From: Johnny Billquist <bqt at Update.UU.SE>
I think I have the documentation for the microcode for
the different engines, and I also have the binary microcode
files...
Do you have the microcode files for the 11/730?
The Am2901 VHDL (and other formats) is freely availible and well understood and fits
several to an FPGA (even small ones covered by free tools). The rest of the logic on an
11/730 CPU isn't that terrible complicated. Given access to the microcode, I'd
imagine it would be a reasonable project to whip up an ersatz 11/730, validate that it
works correctly, then proceed to optimize and otherwise improve the design (add in
pipelining, test, add in FPU, test, add in cache, test, migrate to faster FPGA family,
test). Iterative, rather than shooting the moon first run.

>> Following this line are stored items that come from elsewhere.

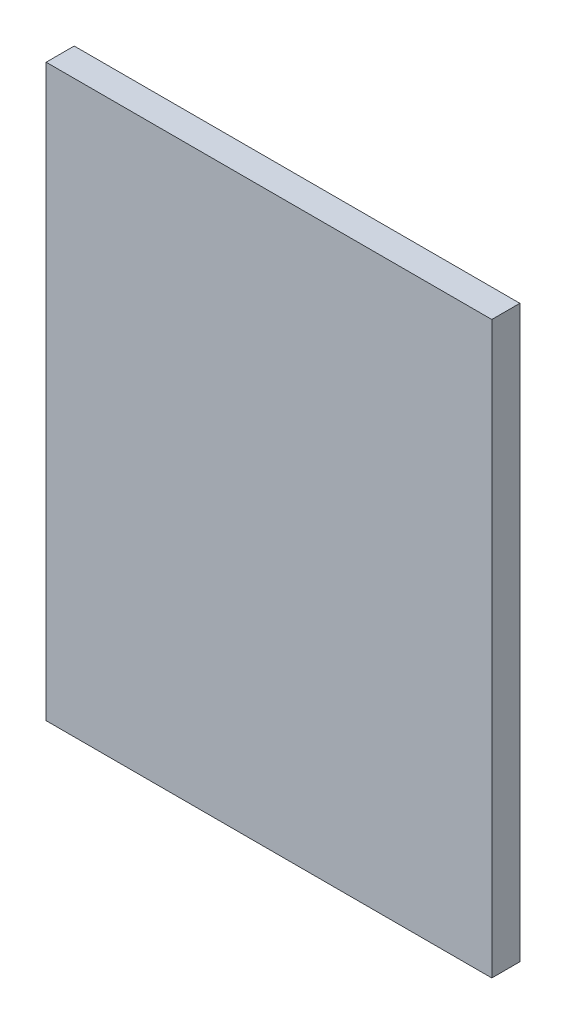
from build123d import *

# Parameters (mm, degrees)
SZKIC1_W                    = 286
SZKIC1_H                    = 366
DODANIE_WYCI_GNI_CIE1_DEPTH = 18


with BuildPart() as part:
    # Szkic1 → Dodanie-wyciągnięcie1 (new body)
    with BuildSketch(Plane.XY):
        Rectangle(SZKIC1_W, SZKIC1_H)
    extrude(amount=DODANIE_WYCI_GNI_CIE1_DEPTH)


solid = part.part
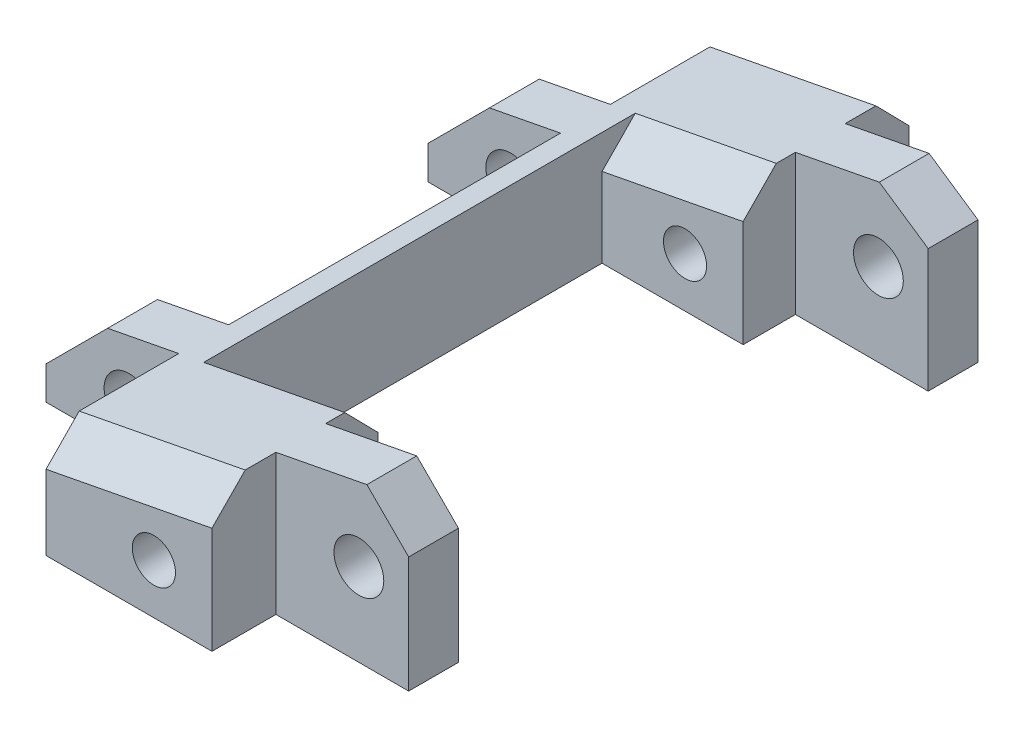
from build123d import *
from OCP.BRepFilletAPI import BRepFilletAPI_MakeChamfer

# Parameters (mm, degrees)
EXTRUDE_1_DEPTH     = 10
SKETCH_2_R          = 1.5
SKETCH_2_R_2        = 1.3
CUT_EXTRUDE_1_DEPTH = 46.08880127
CHAMFER_1_SIZE      = 3
CHAMFER_1_SIZE2     = 3.782343513
CHAMFER_1_SIZE2_2   = 2.562232702
CHAMFER_2_SIZE      = 2


with BuildPart() as part:
    # 草图1 → 凸台-拉伸1 (new body)
    with BuildSketch(Plane(origin=(0, 0, 0), x_dir=(1, 0, 0), z_dir=(0, 1, 0))):
        Polygon((13, -14.15), (5, -14.15), (5, -11), (-3.5, -11), (-3.5, 11), (5, 11), (5, 14.15), (13, 14.15), (13, 17.15), (5, 17.15), (5, 21), (-5, 21), (-5, 13), (-13, 13), (-13, 10), (-5, 10), (-5, -10), (-13, -10), (-13, -13), (-5, -13), (-5, -21), (5, -21), (5, -17.15), (13, -17.15), align=None)
    extrude(amount=EXTRUDE_1_DEPTH)

    # 草图2 → 切除-拉伸1 (cut, through all)
    with BuildSketch(Plane.XY.offset(21)):
        with Locations((10, 5)):
            Circle(SKETCH_2_R)
        with Locations((-8, 2.5)):
            Circle(SKETCH_2_R)
        with Locations((1.5, 3)):
            Circle(SKETCH_2_R_2)
        Polygon((-13, 5), (13, 10), (-13, 10), align=None)
    extrude(amount=-CUT_EXTRUDE_1_DEPTH, mode=Mode.SUBTRACT)

    # 倒角1: one chamfer whose edges measure the first distance from different faces: ONE call of the kernel's chamfer builder (chamfer() names one face for all edges)
    chamfer_1_edges_1 = [part.edges().sort_by_distance(p)[0] for p in [
        (-13, 5, -11.5),
    ]]
    chamfer_1_side_1 = [part.faces().sort_by_distance(p)[0] for p in [
        (-13, 2.5, -11.5),
    ]]
    chamfer_1_edges_2 = [part.edges().sort_by_distance(p)[0] for p in [
        (-13, 5, 11.5),
    ]]
    chamfer_1_side_2 = [part.faces().sort_by_distance(p)[0] for p in [
        (-13, 2.5, 11.5),
    ]]
    chamfer_1_edges_3 = [part.edges().sort_by_distance(p)[0] for p in [
        (13, 10, 15.65),
    ]]
    chamfer_1_side_3 = [part.faces().sort_by_distance(p)[0] for p in [
        (13, 5, 15.65),
    ]]
    chamfer_1_edges_4 = [part.edges().sort_by_distance(p)[0] for p in [
        (13, 10, -15.65),
    ]]
    chamfer_1_side_4 = [part.faces().sort_by_distance(p)[0] for p in [
        (-9, 5.769230769, 12.503512337),
    ]]
    chamfer_1 = BRepFilletAPI_MakeChamfer(part.part.solid().wrapped)
    for e in chamfer_1_edges_1:
        chamfer_1.Add(CHAMFER_1_SIZE, CHAMFER_1_SIZE2, e.wrapped, chamfer_1_side_1[0].wrapped)  # the first distance lies on this face
    for e in chamfer_1_edges_2:
        chamfer_1.Add(CHAMFER_1_SIZE, CHAMFER_1_SIZE2, e.wrapped, chamfer_1_side_2[0].wrapped)  # the first distance lies on this face
    for e in chamfer_1_edges_3:
        chamfer_1.Add(CHAMFER_1_SIZE, CHAMFER_1_SIZE2_2, e.wrapped, chamfer_1_side_3[0].wrapped)  # the first distance lies on this face
    for e in chamfer_1_edges_4:
        chamfer_1.Add(CHAMFER_1_SIZE, CHAMFER_1_SIZE2_2, e.wrapped, chamfer_1_side_4[0].wrapped)  # the first distance lies on this face
    add(Compound.cast(chamfer_1.Shape()), mode=Mode.REPLACE)

    # 倒角2
    chamfer_2_edges = [part.edges().sort_by_distance(p)[0] for p in [
        (0, 7.5, -21),
        (0.75, 7.644230769, 11),
        (0.75, 7.644230769, -11),
        (0, 7.5, 21),
    ]]
    chamfer(chamfer_2_edges, length=CHAMFER_2_SIZE)


solid = part.part

You could even short-cut some of the FPGA work. I don't recall what the
microsequencer looks like on the 11/730, but if it's the usual Am29{09,10,11}, there
is at least one shop that still (as of at least last year) makes an 8 x Am2901 + sequencer
single chip ASIC that runs at something like 20MHz. Or you can find NOS for the IDT
49c402 that is 4 x Am2901s.
This way of thinking won't result in the fastest VAX possible, but I venture it has a
better chance of resulting in an actual working VAX.